The message seemed clear. ‘You want to catch those fat lazy pigeons? Go right ahead. They’re easy game. You want to catch us? You’d better learn some new tricks. You’re nothing like quick enough or cunning enough.’

Why were they behaving that way? It seemed extraordinary to court such danger.

We found out the answer at the weekend when we were woken at 5:00 in the morning by a pandemonium of cawing from across the road. One of the crows’ fledglings was on the ground. It was out of its nest far too soon and couldn’t begin to fly. Easy prey for a powerful cat undeterred by any sense of compassion.

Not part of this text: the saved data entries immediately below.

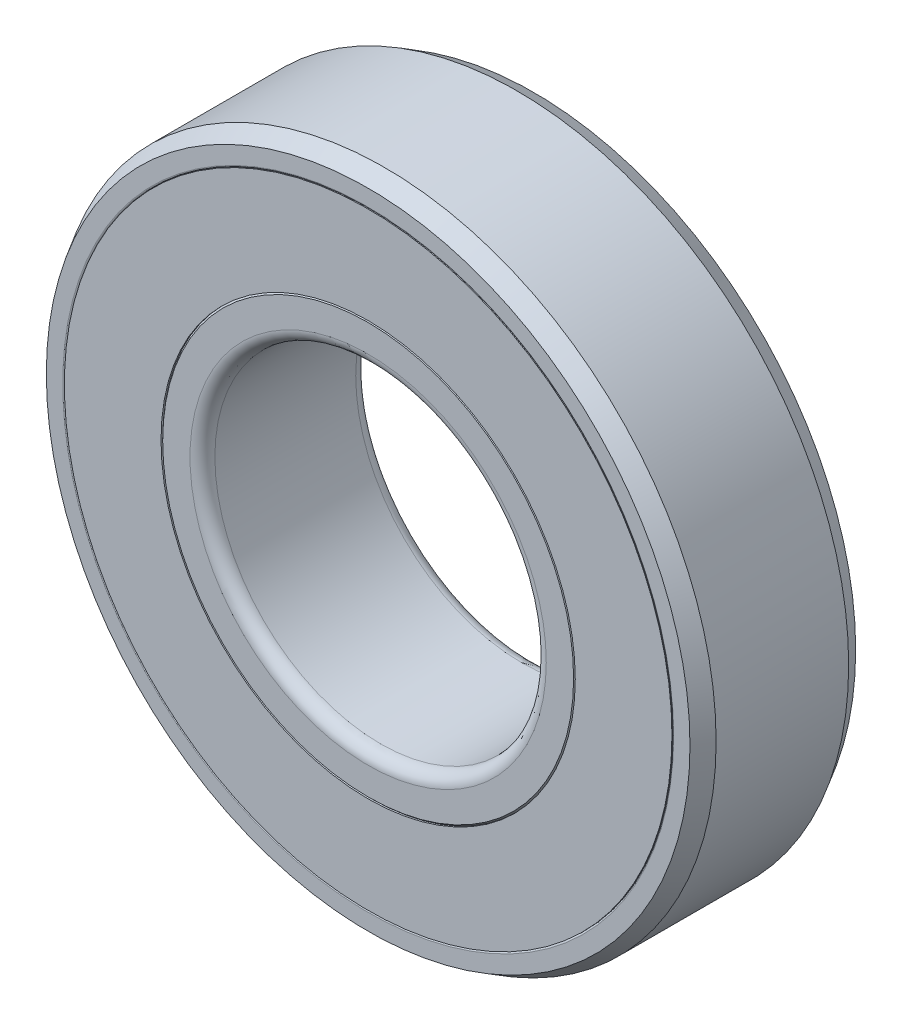
from build123d import *

# Parameters (mm, degrees)
SKETCH4_W         = 0.291666667
SKETCH4_H         = 2.333333333
CIRPATTERN1_COUNT = 7


with BuildPart() as part:
    # Sketch3 → Revolve1 (revolve)
    with BuildSketch(Plane(origin=(0, 0, 0), x_dir=(0, 0, -1), z_dir=(1, 0, 0)), mode=Mode.PRIVATE) as revolve1_sk:
        with BuildLine():
            Line((-1.6, -8), (1.6, -8))
            Line((1.6, -8), (2, -7.769059892))
            Line((2, -7.769059892), (2, -7.373333333))
            ThreePointArc((2, -7.373333333), (1.988284271, -7.345049062), (1.96, -7.333333333))
            Line((1.96, -7.333333333), (1.111111111, -7.333333333))
            ThreePointArc((1.111111111, -7.333333333), (0, -7.777777778), (-1.111111111, -7.333333333))
            Line((-1.111111111, -7.333333333), (-1.96, -7.333333333))
            ThreePointArc((-1.96, -7.333333333), (-1.988284271, -7.345049062), (-2, -7.373333333))
            Line((-2, -7.373333333), (-2, -7.769059892))
            Line((-2, -7.769059892), (-1.6, -8))
        make_face()
        with BuildLine():
            Line((-1.7, -4), (1.7, -4))
            ThreePointArc((1.7, -4), (1.912132034, -4.087867966), (2, -4.3))
            Line((2, -4.3), (2, -4.96))
            Line((2, -4.96), (1.96, -5))
            Line((1.96, -5), (1.111111111, -5))
            ThreePointArc((1.111111111, -5), (0, -4.555555556), (-1.111111111, -5))
            Line((-1.111111111, -5), (-1.96, -5))
            Line((-1.96, -5), (-2, -4.96))
            Line((-2, -4.96), (-2, -4.3))
            ThreePointArc((-2, -4.3), (-1.912132034, -4.087867966), (-1.7, -4))
        make_face()
    revolve(revolve1_sk.sketch.rotate(Axis((0, 0, 2), (0, 0, -1)), 270), axis=Axis((0, 0, 2), (0, 0, -1)))


with BuildPart() as body_2:
    # Sketch4 → Revolve2 (revolve)
    with BuildSketch(Plane(origin=(0, 0, 0), x_dir=(0, 0, -1), z_dir=(1, 0, 0)), mode=Mode.PRIVATE) as revolve2_sk:
        with Locations((-1.854166667, -6.166666667)):
            Rectangle(SKETCH4_W, SKETCH4_H)
    revolve(revolve2_sk.sketch.rotate(Axis((0, 0, 2), (0, 0, -1)), 270), axis=Axis((0, 0, 2), (0, 0, -1)))


with BuildPart() as body_3:
    # Sketch5 → Revolve3 (revolve)
    with BuildSketch(Plane(origin=(0, 0, 0), x_dir=(0, 0, -1), z_dir=(1, 0, 0))):
        with BuildLine():
            Line((0, -4.555555556), (0, -7.777777778))
            ThreePointArc((0, -7.777777778), (-1.611111111, -6.166666667), (0, -4.555555556))
        make_face()
    revolve(axis=Axis((0, 0, 0), (0, -1, 0)))


with BuildPart() as cirpattern1_1:
    # CirPattern1: pattern copy
    add(body_3.part.rotate(Axis((0, 0, 0), (0, 0, 1)), 1 * 360 / CIRPATTERN1_COUNT))


with BuildPart() as cirpattern1_2:
    # CirPattern1: pattern copy
    add(body_3.part.rotate(Axis((0, 0, 0), (0, 0, 1)), 2 * 360 / CIRPATTERN1_COUNT))


with BuildPart() as cirpattern1_3:
    # CirPattern1: pattern copy
    add(body_3.part.rotate(Axis((0, 0, 0), (0, 0, 1)), 3 * 360 / CIRPATTERN1_COUNT))


with BuildPart() as cirpattern1_4:
    # CirPattern1: pattern copy
    add(body_3.part.rotate(Axis((0, 0, 0), (0, 0, 1)), 4 * 360 / CIRPATTERN1_COUNT))


with BuildPart() as cirpattern1_5:
    # CirPattern1: pattern copy
    add(body_3.part.rotate(Axis((0, 0, 0), (0, 0, 1)), 5 * 360 / CIRPATTERN1_COUNT))


with BuildPart() as cirpattern1_6:
    # CirPattern1: pattern copy
    add(body_3.part.rotate(Axis((0, 0, 0), (0, 0, 1)), 6 * 360 / CIRPATTERN1_COUNT))


solid = Compound([part.part, body_2.part, body_3.part, cirpattern1_1.part, cirpattern1_2.part, cirpattern1_3.part, cirpattern1_4.part, cirpattern1_5.part, cirpattern1_6.part])

That’s Misty through and through. He’s one of the biggest cats I know, in his prime, quick and strong. Neighbours of ours have complained to us that he’s an exceptionally vicious cat and that we ought to do something about him. I’m not sure what I could actually do – I’ve tried reasoning – ‘help yourself to the pigeons, carriers of disease as they are and more than plentiful enough, but please draw the line at blackbirds’ – but does he listen? I might as well be talking to myself.
Ruthless predator
Inevitably, in that fateful dawn, he’d caught the crow fledgling and caused all the commotion.

Danielle rushed out to try to save the bird, but she needn’t have bothered. The wildly cawing parents had set about Misty with resolution and single-mindedness that fully matched his. Pecking and clawing at him, they quickly showed him the error of his ways.

So clearly in their garage roof dance they had been giving him a warning and a chance. ‘Fancy our young, do you?’ they had been saying. ‘Think again, sonny, think again. You may be biting off more than you can chew.’

It didn’t take Danielle’s intervention to get him drop the young bird, the parents had seen to that. The fledgling was apparently unhurt, though presumably shaken by his brush with death. And Misty’s lesson seems, at least for now, to have sunk in.

A morsel not on his menu today
The next morning there was cawing from across the road again, but in a much more restrained way. When I got downstairs, Misty was outside the door, keen to get inside. The crows had seen him and their cawing was just a further warning, to remind him of his lesson.

He was beating a hasty retreat, thoroughly cowed. Or perhaps thoroughly cawed.